* Work task *
Please repeat the lines below, exactly and only, from the one that holds "#20=DIRECTION('',(0.,0.,-1.));" through the one that holds "#54=FACE_BOUND('',#53,.T.);".

Collection entries:

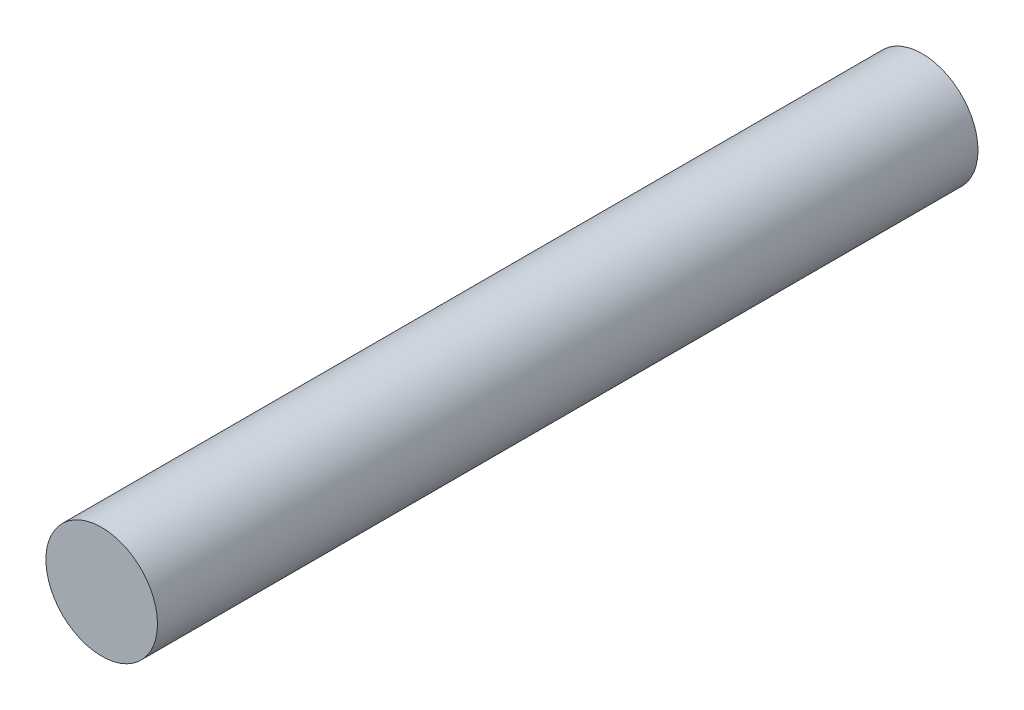
ISO-10303-21;
HEADER;
FILE_DESCRIPTION(('STEP AP214'),'2;1');
FILE_NAME('part.step','',(''),(''),'','','');
FILE_SCHEMA(('AUTOMOTIVE_DESIGN { 1 0 10303 214 1 1 1 1 }'));
ENDSEC;
DATA;
#1=APPLICATION_CONTEXT('core data for automotive mechanical design processes');
#2=APPLICATION_PROTOCOL_DEFINITION('international standard','automotive_design',2000,#1);
#3=PRODUCT_CONTEXT('',#1,'mechanical');
#4=PRODUCT('Part','Part','',(#3));
#5=PRODUCT_RELATED_PRODUCT_CATEGORY('part','',(#4));
#6=PRODUCT_DEFINITION_FORMATION('','',#4);
#7=PRODUCT_DEFINITION_CONTEXT('part definition',#1,'design');
#8=PRODUCT_DEFINITION('design','',#6,#7);
#9=PRODUCT_DEFINITION_SHAPE('','',#8);
#10=(LENGTH_UNIT() NAMED_UNIT(*) SI_UNIT(.MILLI.,.METRE.));
#11=(NAMED_UNIT(*) PLANE_ANGLE_UNIT() SI_UNIT($,.RADIAN.));
#12=(NAMED_UNIT(*) SI_UNIT($,.STERADIAN.) SOLID_ANGLE_UNIT());
#13=UNCERTAINTY_MEASURE_WITH_UNIT(LENGTH_MEASURE(1.E-05),#10,'distance_accuracy_value','');
#14=(GEOMETRIC_REPRESENTATION_CONTEXT(3) GLOBAL_UNCERTAINTY_ASSIGNED_CONTEXT((#13)) GLOBAL_UNIT_ASSIGNED_CONTEXT((#10,
#11,#12)) REPRESENTATION_CONTEXT('',''));
#15=CARTESIAN_POINT('',(0.,0.,0.));
#16=DIRECTION('',(0.,0.,1.));
#17=DIRECTION('',(1.,0.,0.));
#18=AXIS2_PLACEMENT_3D('',#15,#16,#17);
#19=CARTESIAN_POINT('',(-9.73466594293583,-1.0503708102803,25.));
#20=DIRECTION('',(0.,0.,-1.));
#21=DIRECTION('',(-1.,0.,0.));
#22=AXIS2_PLACEMENT_3D('',#19,#20,#21);
#23=CYLINDRICAL_SURFACE('',#22,1.7);
#24=CARTESIAN_POINT('',(-9.73466594293583,-1.0503708102803,25.));
#25=DIRECTION('',(0.,0.,1.));
#26=DIRECTION('',(1.,0.,0.));
#27=AXIS2_PLACEMENT_3D('',#24,#25,#26);
#28=CIRCLE('',#27,1.7);
#29=CARTESIAN_POINT('',(-8.03466594293583,-1.0503708102803,25.));
#30=VERTEX_POINT('',#29);
#31=EDGE_CURVE('E10',#30,#30,#28,.T.);
#32=ORIENTED_EDGE('',*,*,#31,.F.);
#33=EDGE_LOOP('',(#32));
#34=FACE_BOUND('',#33,.T.);
#35=CARTESIAN_POINT('',(-9.73466594293583,-1.0503708102803,0.));
#36=DIRECTION('',(0.,0.,1.));
#37=DIRECTION('',(1.,0.,0.));
#38=AXIS2_PLACEMENT_3D('',#35,#36,#37);
#39=CIRCLE('',#38,1.7);
#40=CARTESIAN_POINT('',(-8.03466594293583,-1.0503708102803,0.));
#41=VERTEX_POINT('',#40);
#42=EDGE_CURVE('E39',#41,#41,#39,.T.);
#43=ORIENTED_EDGE('',*,*,#42,.T.);
#44=EDGE_LOOP('',(#43));
#45=FACE_BOUND('',#44,.T.);
#46=ADVANCED_FACE('F36',(#34,#45),#23,.T.);
#47=CARTESIAN_POINT('',(-9.73466594293583,-1.0503708102803,25.));
#48=DIRECTION('',(0.,0.,1.));
#49=DIRECTION('',(1.,0.,0.));
#50=AXIS2_PLACEMENT_3D('',#47,#48,#49);
#51=PLANE('',#50);
#52=ORIENTED_EDGE('',*,*,#31,.T.);
#53=EDGE_LOOP('',(#52));
#54=FACE_BOUND('',#53,.T.);
#55=ADVANCED_FACE('F51',(#54),#51,.T.);
#56=CARTESIAN_POINT('',(-9.73466594293583,-1.0503708102803,0.));
#57=DIRECTION('',(0.,0.,1.));
#58=DIRECTION('',(1.,0.,0.));
#59=AXIS2_PLACEMENT_3D('',#56,#57,#58);
#60=PLANE('',#59);
#61=ORIENTED_EDGE('',*,*,#42,.F.);
#62=EDGE_LOOP('',(#61));
#63=FACE_BOUND('',#62,.T.);
#64=ADVANCED_FACE('F49',(#63),#60,.F.);
#65=CLOSED_SHELL('',(#46,#55,#64));
#66=MANIFOLD_SOLID_BREP('B2',#65);
#67=ADVANCED_BREP_SHAPE_REPRESENTATION('',(#18,#66),#14);
#68=SHAPE_DEFINITION_REPRESENTATION(#9,#67);
ENDSEC;
END-ISO-10303-21;

* Answer below *
#20=DIRECTION('',(0.,0.,-1.));
#21=DIRECTION('',(-1.,0.,0.));
#22=AXIS2_PLACEMENT_3D('',#19,#20,#21);
#23=CYLINDRICAL_SURFACE('',#22,1.7);
#24=CARTESIAN_POINT('',(-9.73466594293583,-1.0503708102803,25.));
#25=DIRECTION('',(0.,0.,1.));
#26=DIRECTION('',(1.,0.,0.));
#27=AXIS2_PLACEMENT_3D('',#24,#25,#26);
#28=CIRCLE('',#27,1.7);
#29=CARTESIAN_POINT('',(-8.03466594293583,-1.0503708102803,25.));
#30=VERTEX_POINT('',#29);
#31=EDGE_CURVE('E10',#30,#30,#28,.T.);
#32=ORIENTED_EDGE('',*,*,#31,.F.);
#33=EDGE_LOOP('',(#32));
#34=FACE_BOUND('',#33,.T.);
#35=CARTESIAN_POINT('',(-9.73466594293583,-1.0503708102803,0.));
#36=DIRECTION('',(0.,0.,1.));
#37=DIRECTION('',(1.,0.,0.));
#38=AXIS2_PLACEMENT_3D('',#35,#36,#37);
#39=CIRCLE('',#38,1.7);
#40=CARTESIAN_POINT('',(-8.03466594293583,-1.0503708102803,0.));
#41=VERTEX_POINT('',#40);
#42=EDGE_CURVE('E39',#41,#41,#39,.T.);
#43=ORIENTED_EDGE('',*,*,#42,.T.);
#44=EDGE_LOOP('',(#43));
#45=FACE_BOUND('',#44,.T.);
#46=ADVANCED_FACE('F36',(#34,#45),#23,.T.);
#47=CARTESIAN_POINT('',(-9.73466594293583,-1.0503708102803,25.));
#48=DIRECTION('',(0.,0.,1.));
#49=DIRECTION('',(1.,0.,0.));
#50=AXIS2_PLACEMENT_3D('',#47,#48,#49);
#51=PLANE('',#50);
#52=ORIENTED_EDGE('',*,*,#31,.T.);
#53=EDGE_LOOP('',(#52));
#54=FACE_BOUND('',#53,.T.);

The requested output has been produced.